------ SUPPLIED MATERIAL
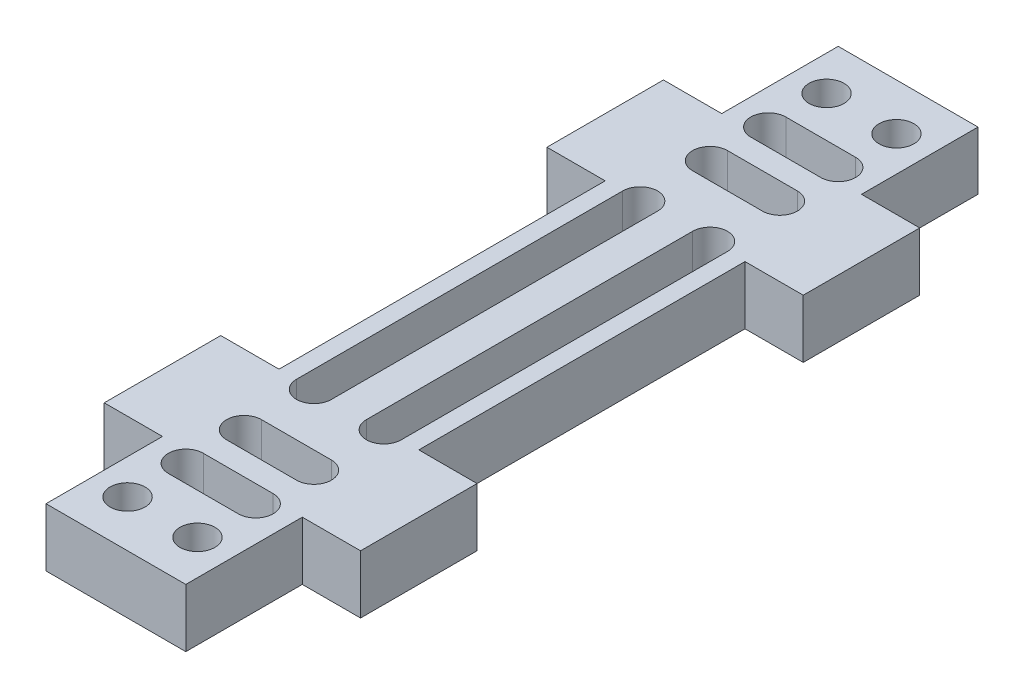
SolidWorks part; units mm, degrees
ref_plane "前视基准面" through (0, 0, 0) normal (0, 0, 1) x (1, 0, 0)
ref_plane "上视基准面" through (0, 0, 0) normal (0, 1, 0) x (1, 0, 0)
ref_plane "右视基准面" through (0, 0, 0) normal (1, 0, 0) x (0, 0, -1)
sketch "草图1" plane through (0, 0, 0) normal (0, 1, 0) x (1, 0, 0)
  line L0 (0, 0) -> (0, 10)
  line L1 (0, 10) -> (-5, 10)
  line L2 (-5, 10) -> (-5, 20)
  line L3 (-5, 20) -> (0, 20)
  line L4 (0, 20) -> (0, 48)
  line L5 (0, 48) -> (-5, 48)
  line L6 (-5, 48) -> (-5, 58)
  line L7 (-5, 58) -> (0, 58)
  line L8 (0, 58) -> (0, 68)
  line L9 (0, 68) -> (12, 68)
  line L10 (12, 68) -> (12, 58)
  line L11 (12, 58) -> (17, 58)
  line L12 (17, 58) -> (17, 48)
  line L13 (17, 48) -> (12, 48)
  line L14 (12, 48) -> (12, 20)
  line L15 (12, 20) -> (17, 20)
  line L16 (17, 20) -> (17, 10)
  line L17 (17, 10) -> (12, 10)
  line L18 (12, 10) -> (12, 0)
  line L19 (12, 0) -> (0, 0)
  line L20 (3, 76.6028) -> (3, -24.4459) construction
  line L21 (9, 76.6028) -> (9, -24.4459) construction
  line L22 (-1.5183, 54) -> (12, 54) construction
  line L23 (-1.5183, 14) -> (13.1568, 14) construction
  line L24 (3, 54) -> (9, 54) construction
  line L25 (3, 55.5) -> (9, 55.5)
  line L26 (3, 52.5) -> (9, 52.5)
  line L27 (3, 14) -> (9, 14) construction
  line L28 (3, 15.5) -> (9, 15.5)
  line L29 (3, 12.5) -> (9, 12.5)
  line L30 (3, 48) -> (3, 20) construction
  line L31 (4.5, 48) -> (4.5, 20)
  line L32 (1.5, 48) -> (1.5, 20)
  line L33 (9, 48) -> (9, 20) construction
  line L34 (10.5, 48) -> (10.5, 20)
  line L35 (7.5, 48) -> (7.5, 20)
  line L36 (-2.7762, 64) -> (13.1568, 64) construction
  line L37 (-2.7762, 4) -> (13.1568, 4) construction
  line L38 (1.5, 59) -> (10.5, 59) construction
  line L39 (1.5, 9) -> (10.5, 9) construction
  line L40 (3, 59) -> (9, 59) construction
  line L41 (3, 60.5) -> (9, 60.5)
  line L42 (3, 57.5) -> (9, 57.5)
  line L43 (3, 9) -> (9, 9) construction
  line L44 (3, 10.5) -> (9, 10.5)
  line L45 (3, 7.5) -> (9, 7.5)
  arc A0 (3, 55.5) -> (3, 52.5) centre (3, 54) ccw
  arc A1 (9, 52.5) -> (9, 55.5) centre (9, 54) ccw
  arc A2 (3, 15.5) -> (3, 12.5) centre (3, 14) ccw
  arc A3 (9, 12.5) -> (9, 15.5) centre (9, 14) ccw
  arc A4 (4.5, 48) -> (1.5, 48) centre (3, 48) ccw
  arc A5 (1.5, 20) -> (4.5, 20) centre (3, 20) ccw
  arc A6 (10.5, 48) -> (7.5, 48) centre (9, 48) ccw
  arc A7 (7.5, 20) -> (10.5, 20) centre (9, 20) ccw
  circle A8 centre (3, 64) radius 1.5
  circle A9 centre (9, 64) radius 1.5
  circle A10 centre (3, 4) radius 1.5
  circle A11 centre (9, 4) radius 1.5
  arc A12 (3, 60.5) -> (3, 57.5) centre (3, 59) ccw
  arc A13 (9, 57.5) -> (9, 60.5) centre (9, 59) ccw
  arc A14 (3, 10.5) -> (3, 7.5) centre (3, 9) ccw
  arc A15 (9, 7.5) -> (9, 10.5) centre (9, 9) ccw
  point P28 (14.5, 58)
  point P32 (6, 54)
  point P37 (6, 14)
  point P44 (3, 34)
  point P51 (9, 34)
  point P62 (6, 68)
  point P75 (6, 59)
  point P82 (6, 9)
  dimension "D1" = 68
  dimension "D22" = 4
  dimension "D24" = 28
  dimension "D28" = 6
  dimension "D2" = 12
  dimension "D3" = 5
  dimension "D4" = 5
  dimension "D5" = 10
  dimension "D6" = 10
  dimension "D7" = 10
  dimension "D8" = 10
  dimension "D9" = 5
  dimension "D10" = 5
  dimension "D11" = 10
  dimension "D12" = 10
  dimension "D13" = 10
  dimension "D14" = 10
  dimension "D15" = 5
  dimension "D16" = 5
  dimension "D17" = 3
  dimension "D18" = 3
  dimension "D19" = 4
  dimension "D20" = 4
  dimension "D21" = 40
  dimension "D23" = 4
  dimension "D25" = 28
  dimension "D26" = 5
  dimension "D27" = 5
extrude "凸台-拉伸1" add sketch "草图1" along normal blind 5
------------
• EXERCISE PROMPT: Repeat the data exactly as written, but without the pictures.

• EXERCISE SOLUTION:
SolidWorks part; units mm, degrees
ref_plane "前视基准面" through (0, 0, 0) normal (0, 0, 1) x (1, 0, 0)
ref_plane "上视基准面" through (0, 0, 0) normal (0, 1, 0) x (1, 0, 0)
ref_plane "右视基准面" through (0, 0, 0) normal (1, 0, 0) x (0, 0, -1)
sketch "草图1" plane through (0, 0, 0) normal (0, 1, 0) x (1, 0, 0)
  line L0 (0, 0) -> (0, 10)
  line L1 (0, 10) -> (-5, 10)
  line L2 (-5, 10) -> (-5, 20)
  line L3 (-5, 20) -> (0, 20)
  line L4 (0, 20) -> (0, 48)
  line L5 (0, 48) -> (-5, 48)
  line L6 (-5, 48) -> (-5, 58)
  line L7 (-5, 58) -> (0, 58)
  line L8 (0, 58) -> (0, 68)
  line L9 (0, 68) -> (12, 68)
  line L10 (12, 68) -> (12, 58)
  line L11 (12, 58) -> (17, 58)
  line L12 (17, 58) -> (17, 48)
  line L13 (17, 48) -> (12, 48)
  line L14 (12, 48) -> (12, 20)
  line L15 (12, 20) -> (17, 20)
  line L16 (17, 20) -> (17, 10)
  line L17 (17, 10) -> (12, 10)
  line L18 (12, 10) -> (12, 0)
  line L19 (12, 0) -> (0, 0)
  line L20 (3, 76.6028) -> (3, -24.4459) construction
  line L21 (9, 76.6028) -> (9, -24.4459) construction
  line L22 (-1.5183, 54) -> (12, 54) construction
  line L23 (-1.5183, 14) -> (13.1568, 14) construction
  line L24 (3, 54) -> (9, 54) construction
  line L25 (3, 55.5) -> (9, 55.5)
  line L26 (3, 52.5) -> (9, 52.5)
  line L27 (3, 14) -> (9, 14) construction
  line L28 (3, 15.5) -> (9, 15.5)
  line L29 (3, 12.5) -> (9, 12.5)
  line L30 (3, 48) -> (3, 20) construction
  line L31 (4.5, 48) -> (4.5, 20)
  line L32 (1.5, 48) -> (1.5, 20)
  line L33 (9, 48) -> (9, 20) construction
  line L34 (10.5, 48) -> (10.5, 20)
  line L35 (7.5, 48) -> (7.5, 20)
  line L36 (-2.7762, 64) -> (13.1568, 64) construction
  line L37 (-2.7762, 4) -> (13.1568, 4) construction
  line L38 (1.5, 59) -> (10.5, 59) construction
  line L39 (1.5, 9) -> (10.5, 9) construction
  line L40 (3, 59) -> (9, 59) construction
  line L41 (3, 60.5) -> (9, 60.5)
  line L42 (3, 57.5) -> (9, 57.5)
  line L43 (3, 9) -> (9, 9) construction
  line L44 (3, 10.5) -> (9, 10.5)
  line L45 (3, 7.5) -> (9, 7.5)
  arc A0 (3, 55.5) -> (3, 52.5) centre (3, 54) ccw
  arc A1 (9, 52.5) -> (9, 55.5) centre (9, 54) ccw
  arc A2 (3, 15.5) -> (3, 12.5) centre (3, 14) ccw
  arc A3 (9, 12.5) -> (9, 15.5) centre (9, 14) ccw
  arc A4 (4.5, 48) -> (1.5, 48) centre (3, 48) ccw
  arc A5 (1.5, 20) -> (4.5, 20) centre (3, 20) ccw
  arc A6 (10.5, 48) -> (7.5, 48) centre (9, 48) ccw
  arc A7 (7.5, 20) -> (10.5, 20) centre (9, 20) ccw
  circle A8 centre (3, 64) radius 1.5
  circle A9 centre (9, 64) radius 1.5
  circle A10 centre (3, 4) radius 1.5
  circle A11 centre (9, 4) radius 1.5
  arc A12 (3, 60.5) -> (3, 57.5) centre (3, 59) ccw
  arc A13 (9, 57.5) -> (9, 60.5) centre (9, 59) ccw
  arc A14 (3, 10.5) -> (3, 7.5) centre (3, 9) ccw
  arc A15 (9, 7.5) -> (9, 10.5) centre (9, 9) ccw
  point P28 (14.5, 58)
  point P32 (6, 54)
  point P37 (6, 14)
  point P44 (3, 34)
  point P51 (9, 34)
  point P62 (6, 68)
  point P75 (6, 59)
  point P82 (6, 9)
  dimension "D1" = 68
  dimension "D22" = 4
  dimension "D24" = 28
  dimension "D28" = 6
  dimension "D2" = 12
  dimension "D3" = 5
  dimension "D4" = 5
  dimension "D5" = 10
  dimension "D6" = 10
  dimension "D7" = 10
  dimension "D8" = 10
  dimension "D9" = 5
  dimension "D10" = 5
  dimension "D11" = 10
  dimension "D12" = 10
  dimension "D13" = 10
  dimension "D14" = 10
  dimension "D15" = 5
  dimension "D16" = 5
  dimension "D17" = 3
  dimension "D18" = 3
  dimension "D19" = 4
  dimension "D20" = 4
  dimension "D21" = 40
  dimension "D23" = 4
  dimension "D25" = 28
  dimension "D26" = 5
  dimension "D27" = 5
extrude "凸台-拉伸1" add sketch "草图1" along normal blind 5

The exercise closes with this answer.